Current explanations of long-run changes in the medieval English economy
have largely used models in which changes in the money supply play very
little part. Here a fresh approach is taken and the money supply is seen
as one of the main variables in the workings of the economy.
In Part One, theories and problems in using monetary theory and
numismatic evidence to model the medieval economy are fully discussed,
as are the coins in circulation and the practical challenges faced in
putting into circulation millions of coins struck by hand. The aim is to
provide the reader with an informed background to the discussions in the
chronological sections that follow in Part Two.

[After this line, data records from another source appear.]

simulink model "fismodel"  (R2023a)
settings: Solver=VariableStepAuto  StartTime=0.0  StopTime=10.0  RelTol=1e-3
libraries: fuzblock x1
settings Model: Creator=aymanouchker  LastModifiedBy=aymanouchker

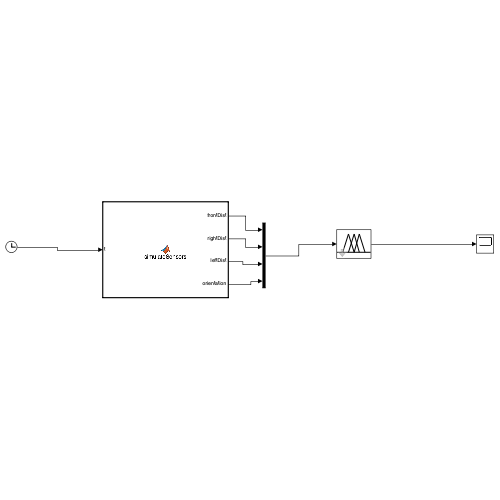
[thumbnail: Simulink's stored preview of the top-level diagram]
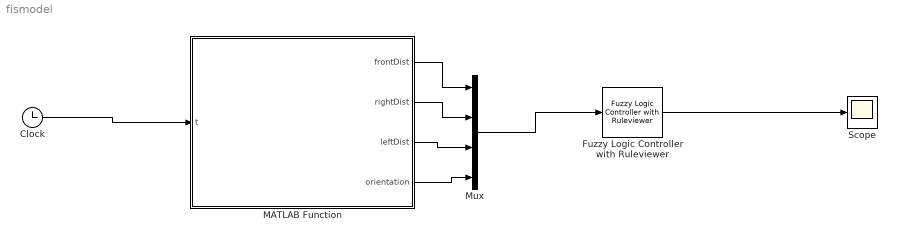
== system fismodel ==
  Clock : Clock
  Fuzzy Logic Controller with Ruleviewer : fuzblock/Fuzzy Logic  Controller  with Ruleviewer  fismatrix=robot_navigation_fis  Ts=2
  MATLAB Function : MATLAB Function  TreatAsAtomicUnit=on
  Mux : Mux
  Scope : Scope
  wires:
  Fuzzy Logic Controller with Ruleviewer/1 -> Scope/1
  Mux/1 -> Fuzzy Logic Controller with Ruleviewer/1
  MATLAB Function/3(leftDist) -> Mux/3
  MATLAB Function/2(rightDist) -> Mux/2
  MATLAB Function/1(frontDist) -> Mux/1
  MATLAB Function/4(orientation) -> Mux/4
  Clock/1 -> MATLAB Function/1(t)

== matlab function fismodel/MATLAB Function ==
  data: t input; frontDist output; rightDist output; leftDist output; orientation output
function [frontDist, rightDist, leftDist, orientation] = simulateSensors(t)
    % Simulate dynamic sensor readings
    frontDist = 50 + 30*sin(t); % Example: distance varies with time
    rightDist = 50 + 30*sin(t + pi/2);
    leftDist = 50 + 30*sin(t + pi);
    orientation = mod(t * 30, 360); % Example: orientation changes linearly with time
end

Here, three broad
periods are considered: 973-1158; 1158-1351; and 1351-1489. Each
occupies a particular space in the history of money and the money
economy. In the first there was a limited money supply, a shortage of
coin and a 'monetised' economy. The second saw a more than tenfold
increase in the money supply, accompanied by growing literacy and
numeracy; new accounting methods; and laws that gave greater protection
to creditors, leading to growth in the credit market. Together these
factors produced the full money economy necessary to support the
expansion of the thirteenth century. The
final section challenges the idea that monetary deflation, combined with
population decline, caused a general crisis in the post-plague society.
The money economy was challenged but it survived by finding new ways of
extending the money supply using flexible and transferable credit
instruments which were eventually used as forms of 'paper money'.
Medieval material is used throughout to illustrate the argument.